• **Exercise goal**
Write out the material below again, line for line, without any images.

Entries shown Start Marker

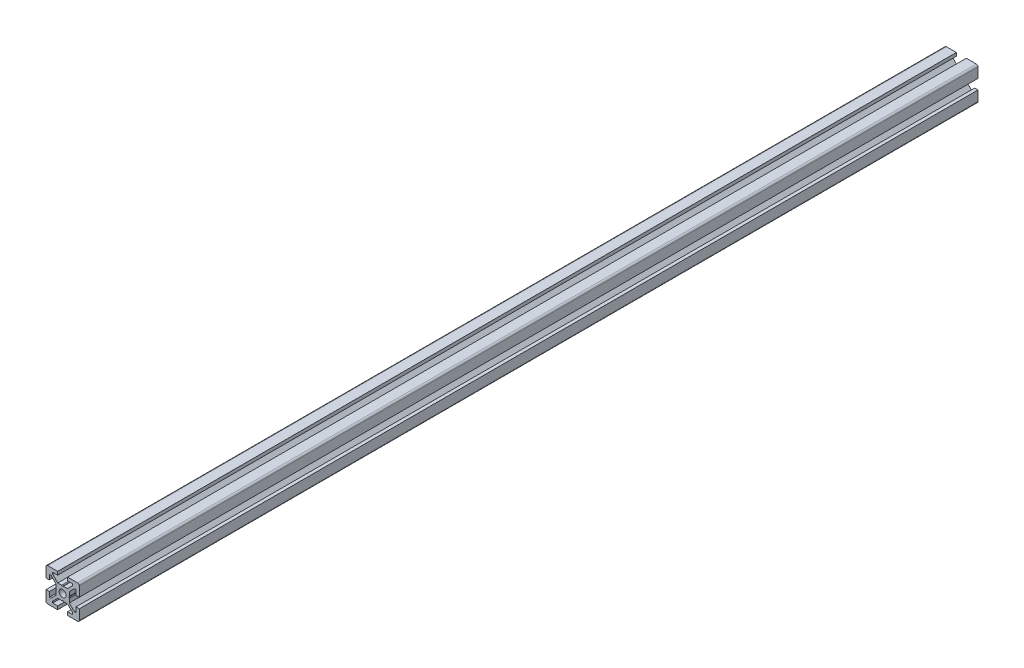
from build123d import *

# Parameters (mm, degrees)
SKETCH1_R           = 2.1
BOSS_EXTRUDE1_DEPTH = 540


with BuildPart() as part:
    # Sketch1 → Boss-Extrude1 (new body)
    with BuildSketch(Plane(origin=(0, 0, -500), x_dir=(-1, 0, 0), z_dir=(0, 0, -1))):
        with BuildLine():
            Line((9, 10), (3, 10))
            Line((3, 10), (3, 8))
            Line((3, 8), (6, 8))
            Line((6, 8), (6, 7.060660172))
            Line((6, 7.060660172), (2.939339828, 4))
            Line((2.939339828, 4), (0.519615242, 4))
            Line((0.519615242, 4), (0, 3.7))
            Line((0, 3.7), (-0.519615242, 4))
            Line((-0.519615242, 4), (-2.939339828, 4))
            Line((-2.939339828, 4), (-6, 7.060660172))
            Line((-6, 7.060660172), (-6, 8))
            Line((-6, 8), (-3, 8))
            Line((-3, 8), (-3, 10))
            Line((-3, 10), (-9, 10))
            ThreePointArc((-9, 10), (-9.707106781, 9.707106781), (-10, 9))
            Line((-10, 9), (-10, 3))
            Line((-10, 3), (-8, 3))
            Line((-8, 3), (-8, 6))
            Line((-8, 6), (-7.060660172, 6))
            Line((-7.060660172, 6), (-4, 2.939339828))
            Line((-4, 2.939339828), (-4, 0.519615242))
            Line((-4, 0.519615242), (-3.7, 0))
            Line((-3.7, 0), (-4, -0.519615242))
            Line((-4, -0.519615242), (-4, -2.939339828))
            Line((-4, -2.939339828), (-7.060660172, -6))
            Line((-7.060660172, -6), (-8, -6))
            Line((-8, -6), (-8, -3))
            Line((-8, -3), (-10, -3))
            Line((-10, -3), (-10, -9))
            ThreePointArc((-10, -9), (-9.707106781, -9.707106781), (-9, -10))
            Line((-9, -10), (-3, -10))
            Line((-3, -10), (-3, -8))
            Line((-3, -8), (-6, -8))
            Line((-6, -8), (-6, -7.060660172))
            Line((-6, -7.060660172), (-2.939339828, -4))
            Line((-2.939339828, -4), (-0.519615242, -4))
            Line((-0.519615242, -4), (0, -3.7))
            Line((0, -3.7), (0.519615242, -4))
            Line((0.519615242, -4), (2.939339828, -4))
            Line((2.939339828, -4), (6, -7.060660172))
            Line((6, -7.060660172), (6, -8))
            Line((6, -8), (3, -8))
            Line((3, -8), (3, -10))
            Line((3, -10), (9, -10))
            ThreePointArc((9, -10), (9.707106781, -9.707106781), (10, -9))
            Line((10, -9), (10, -3))
            Line((10, -3), (8, -3))
            Line((8, -3), (8, -6))
            Line((8, -6), (7.060660172, -6))
            Line((7.060660172, -6), (4, -2.939339828))
            Line((4, -2.939339828), (4, -0.519615242))
            Line((4, -0.519615242), (3.7, 0))
            Line((3.7, 0), (4, 0.519615242))
            Line((4, 0.519615242), (4, 2.939339828))
            Line((4, 2.939339828), (7.060660172, 6))
            Line((7.060660172, 6), (8, 6))
            Line((8, 6), (8, 3))
            Line((8, 3), (10, 3))
            Line((10, 3), (10, 9))
            ThreePointArc((10, 9), (9.707106781, 9.707106781), (9, 10))
        make_face()
        Circle(SKETCH1_R, mode=Mode.SUBTRACT)
    extrude(amount=-BOSS_EXTRUDE1_DEPTH)


solid = part.part

Entries shown End Marker

• **Output for this exercise**
from build123d import *

# Parameters (mm, degrees)
SKETCH1_R           = 2.1
BOSS_EXTRUDE1_DEPTH = 540


with BuildPart() as part:
    # Sketch1 → Boss-Extrude1 (new body)
    with BuildSketch(Plane(origin=(0, 0, -500), x_dir=(-1, 0, 0), z_dir=(0, 0, -1))):
        with BuildLine():
            Line((9, 10), (3, 10))
            Line((3, 10), (3, 8))
            Line((3, 8), (6, 8))
            Line((6, 8), (6, 7.060660172))
            Line((6, 7.060660172), (2.939339828, 4))
            Line((2.939339828, 4), (0.519615242, 4))
            Line((0.519615242, 4), (0, 3.7))
            Line((0, 3.7), (-0.519615242, 4))
            Line((-0.519615242, 4), (-2.939339828, 4))
            Line((-2.939339828, 4), (-6, 7.060660172))
            Line((-6, 7.060660172), (-6, 8))
            Line((-6, 8), (-3, 8))
            Line((-3, 8), (-3, 10))
            Line((-3, 10), (-9, 10))
            ThreePointArc((-9, 10), (-9.707106781, 9.707106781), (-10, 9))
            Line((-10, 9), (-10, 3))
            Line((-10, 3), (-8, 3))
            Line((-8, 3), (-8, 6))
            Line((-8, 6), (-7.060660172, 6))
            Line((-7.060660172, 6), (-4, 2.939339828))
            Line((-4, 2.939339828), (-4, 0.519615242))
            Line((-4, 0.519615242), (-3.7, 0))
            Line((-3.7, 0), (-4, -0.519615242))
            Line((-4, -0.519615242), (-4, -2.939339828))
            Line((-4, -2.939339828), (-7.060660172, -6))
            Line((-7.060660172, -6), (-8, -6))
            Line((-8, -6), (-8, -3))
            Line((-8, -3), (-10, -3))
            Line((-10, -3), (-10, -9))
            ThreePointArc((-10, -9), (-9.707106781, -9.707106781), (-9, -10))
            Line((-9, -10), (-3, -10))
            Line((-3, -10), (-3, -8))
            Line((-3, -8), (-6, -8))
            Line((-6, -8), (-6, -7.060660172))
            Line((-6, -7.060660172), (-2.939339828, -4))
            Line((-2.939339828, -4), (-0.519615242, -4))
            Line((-0.519615242, -4), (0, -3.7))
            Line((0, -3.7), (0.519615242, -4))
            Line((0.519615242, -4), (2.939339828, -4))
            Line((2.939339828, -4), (6, -7.060660172))
            Line((6, -7.060660172), (6, -8))
            Line((6, -8), (3, -8))
            Line((3, -8), (3, -10))
            Line((3, -10), (9, -10))
            ThreePointArc((9, -10), (9.707106781, -9.707106781), (10, -9))
            Line((10, -9), (10, -3))
            Line((10, -3), (8, -3))
            Line((8, -3), (8, -6))
            Line((8, -6), (7.060660172, -6))
            Line((7.060660172, -6), (4, -2.939339828))
            Line((4, -2.939339828), (4, -0.519615242))
            Line((4, -0.519615242), (3.7, 0))
            Line((3.7, 0), (4, 0.519615242))
            Line((4, 0.519615242), (4, 2.939339828))
            Line((4, 2.939339828), (7.060660172, 6))
            Line((7.060660172, 6), (8, 6))
            Line((8, 6), (8, 3))
            Line((8, 3), (10, 3))
            Line((10, 3), (10, 9))
            ThreePointArc((10, 9), (9.707106781, 9.707106781), (9, 10))
        make_face()
        Circle(SKETCH1_R, mode=Mode.SUBTRACT)
    extrude(amount=-BOSS_EXTRUDE1_DEPTH)


solid = part.part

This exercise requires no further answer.